═════ Records supplied ═════

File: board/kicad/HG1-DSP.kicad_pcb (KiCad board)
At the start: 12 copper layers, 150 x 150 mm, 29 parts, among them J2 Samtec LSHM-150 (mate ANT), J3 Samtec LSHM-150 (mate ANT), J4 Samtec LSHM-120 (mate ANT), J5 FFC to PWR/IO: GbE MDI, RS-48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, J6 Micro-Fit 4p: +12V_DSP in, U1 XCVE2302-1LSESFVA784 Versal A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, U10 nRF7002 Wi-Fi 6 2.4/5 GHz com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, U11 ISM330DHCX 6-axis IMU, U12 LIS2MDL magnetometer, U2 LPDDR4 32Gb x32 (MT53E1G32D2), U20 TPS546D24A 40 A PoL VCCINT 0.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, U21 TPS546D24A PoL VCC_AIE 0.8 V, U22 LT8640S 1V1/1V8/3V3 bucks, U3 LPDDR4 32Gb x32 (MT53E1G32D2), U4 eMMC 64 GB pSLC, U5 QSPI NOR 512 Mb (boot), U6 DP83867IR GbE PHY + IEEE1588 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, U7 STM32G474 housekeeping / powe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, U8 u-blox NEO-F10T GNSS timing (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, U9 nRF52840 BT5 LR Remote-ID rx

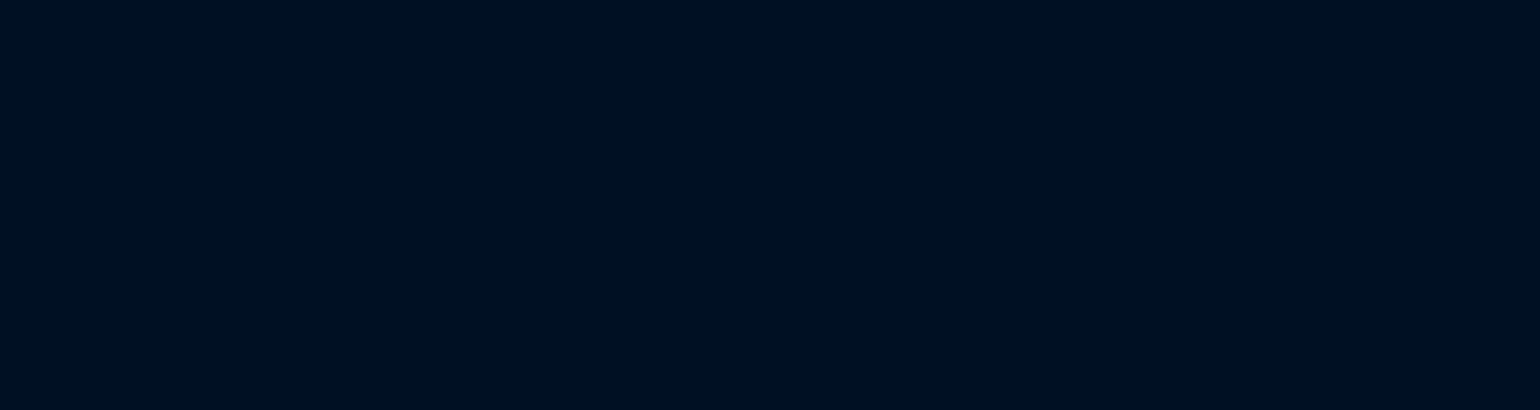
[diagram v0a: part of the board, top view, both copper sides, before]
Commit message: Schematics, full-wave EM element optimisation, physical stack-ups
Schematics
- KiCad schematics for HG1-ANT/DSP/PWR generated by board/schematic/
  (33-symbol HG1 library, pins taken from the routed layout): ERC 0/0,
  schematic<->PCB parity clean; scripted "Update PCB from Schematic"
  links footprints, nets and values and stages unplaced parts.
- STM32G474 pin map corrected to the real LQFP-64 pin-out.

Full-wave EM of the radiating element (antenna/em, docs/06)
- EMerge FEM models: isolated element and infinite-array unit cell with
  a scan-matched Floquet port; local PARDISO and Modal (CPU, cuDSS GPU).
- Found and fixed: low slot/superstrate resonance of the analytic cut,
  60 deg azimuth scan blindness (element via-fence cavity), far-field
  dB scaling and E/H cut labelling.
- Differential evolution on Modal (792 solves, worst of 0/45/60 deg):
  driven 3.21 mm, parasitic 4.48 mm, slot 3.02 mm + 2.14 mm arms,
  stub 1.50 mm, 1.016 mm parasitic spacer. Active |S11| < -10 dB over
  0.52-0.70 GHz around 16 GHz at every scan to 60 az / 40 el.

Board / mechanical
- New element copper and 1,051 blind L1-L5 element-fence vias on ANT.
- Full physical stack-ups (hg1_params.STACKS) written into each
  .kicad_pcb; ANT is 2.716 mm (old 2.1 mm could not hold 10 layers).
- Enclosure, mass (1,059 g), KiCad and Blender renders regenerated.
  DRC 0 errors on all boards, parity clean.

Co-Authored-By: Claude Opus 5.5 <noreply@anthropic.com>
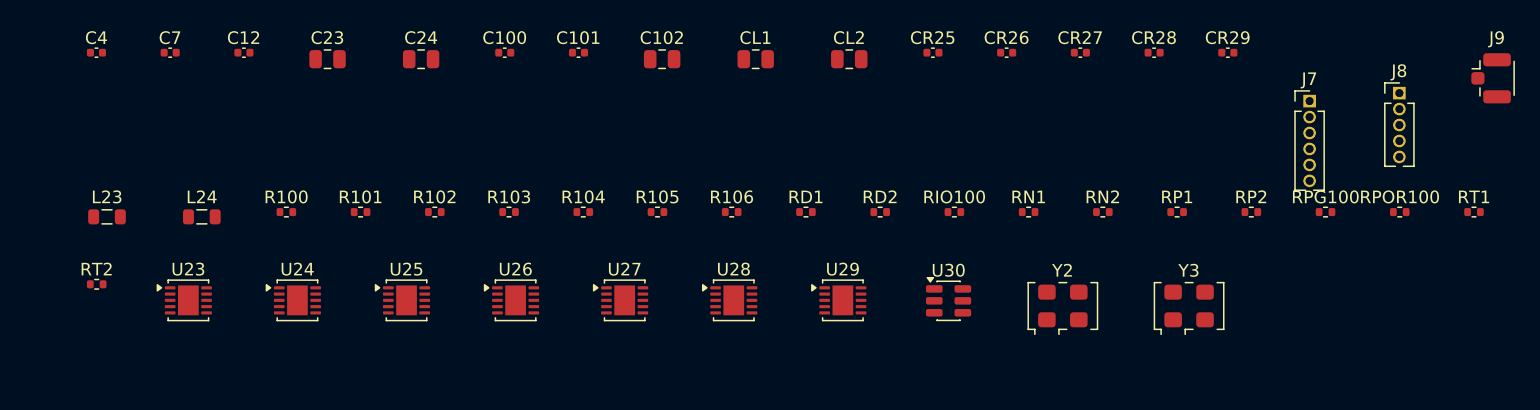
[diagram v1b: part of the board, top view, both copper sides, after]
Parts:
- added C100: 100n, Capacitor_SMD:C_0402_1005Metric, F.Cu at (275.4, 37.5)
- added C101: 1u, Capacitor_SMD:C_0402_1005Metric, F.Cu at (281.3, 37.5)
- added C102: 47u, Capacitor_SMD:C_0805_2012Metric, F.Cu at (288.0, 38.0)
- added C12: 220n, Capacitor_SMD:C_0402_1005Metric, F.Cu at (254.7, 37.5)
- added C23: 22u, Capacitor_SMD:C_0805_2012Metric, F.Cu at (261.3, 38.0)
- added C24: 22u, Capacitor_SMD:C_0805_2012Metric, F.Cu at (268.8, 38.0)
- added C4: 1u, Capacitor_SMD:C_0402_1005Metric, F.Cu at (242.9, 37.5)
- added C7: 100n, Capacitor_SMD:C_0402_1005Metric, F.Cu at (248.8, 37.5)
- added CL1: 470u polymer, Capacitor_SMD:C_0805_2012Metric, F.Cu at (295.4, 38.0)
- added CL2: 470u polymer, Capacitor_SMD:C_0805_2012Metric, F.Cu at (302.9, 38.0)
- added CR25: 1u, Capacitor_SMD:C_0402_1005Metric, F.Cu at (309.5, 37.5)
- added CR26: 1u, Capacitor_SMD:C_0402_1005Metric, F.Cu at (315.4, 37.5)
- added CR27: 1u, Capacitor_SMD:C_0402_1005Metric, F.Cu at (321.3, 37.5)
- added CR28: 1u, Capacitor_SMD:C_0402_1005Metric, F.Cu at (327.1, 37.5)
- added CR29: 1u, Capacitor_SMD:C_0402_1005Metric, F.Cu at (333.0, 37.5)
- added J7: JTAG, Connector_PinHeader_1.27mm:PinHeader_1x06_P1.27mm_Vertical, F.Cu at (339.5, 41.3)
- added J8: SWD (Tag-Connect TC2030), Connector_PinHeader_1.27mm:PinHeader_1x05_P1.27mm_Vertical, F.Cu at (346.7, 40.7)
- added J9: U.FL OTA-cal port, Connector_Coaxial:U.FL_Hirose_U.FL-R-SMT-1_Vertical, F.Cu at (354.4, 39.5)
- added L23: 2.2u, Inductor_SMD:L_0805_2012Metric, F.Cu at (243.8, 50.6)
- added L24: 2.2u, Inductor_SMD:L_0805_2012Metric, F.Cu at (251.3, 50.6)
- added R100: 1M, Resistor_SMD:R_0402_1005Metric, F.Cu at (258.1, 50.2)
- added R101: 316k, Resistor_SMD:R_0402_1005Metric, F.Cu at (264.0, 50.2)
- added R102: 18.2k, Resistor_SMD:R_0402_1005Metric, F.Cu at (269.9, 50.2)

═════

▶ **Task directions**:
Reproduce word for word, with pictures dropped, only the part of the material above that opens with the line containing "- Full physical" and closes with the line containing "- added C23: 22u, Capacitor_SMD:C_0805_2012Metric, F.Cu".

▶ **Answer for the task**:
- Full physical stack-ups (hg1_params.STACKS) written into each
  .kicad_pcb; ANT is 2.716 mm (old 2.1 mm could not hold 10 layers).
- Enclosure, mass (1,059 g), KiCad and Blender renders regenerated.
  DRC 0 errors on all boards, parity clean.

Co-Authored-By: Claude Opus 5.5 <noreply@anthropic.com>
[diagram v1b: part of the board, top view, both copper sides, after]
Parts:
- added C100: 100n, Capacitor_SMD:C_0402_1005Metric, F.Cu at (275.4, 37.5)
- added C101: 1u, Capacitor_SMD:C_0402_1005Metric, F.Cu at (281.3, 37.5)
- added C102: 47u, Capacitor_SMD:C_0805_2012Metric, F.Cu at (288.0, 38.0)
- added C12: 220n, Capacitor_SMD:C_0402_1005Metric, F.Cu at (254.7, 37.5)
- added C23: 22u, Capacitor_SMD:C_0805_2012Metric, F.Cu at (261.3, 38.0)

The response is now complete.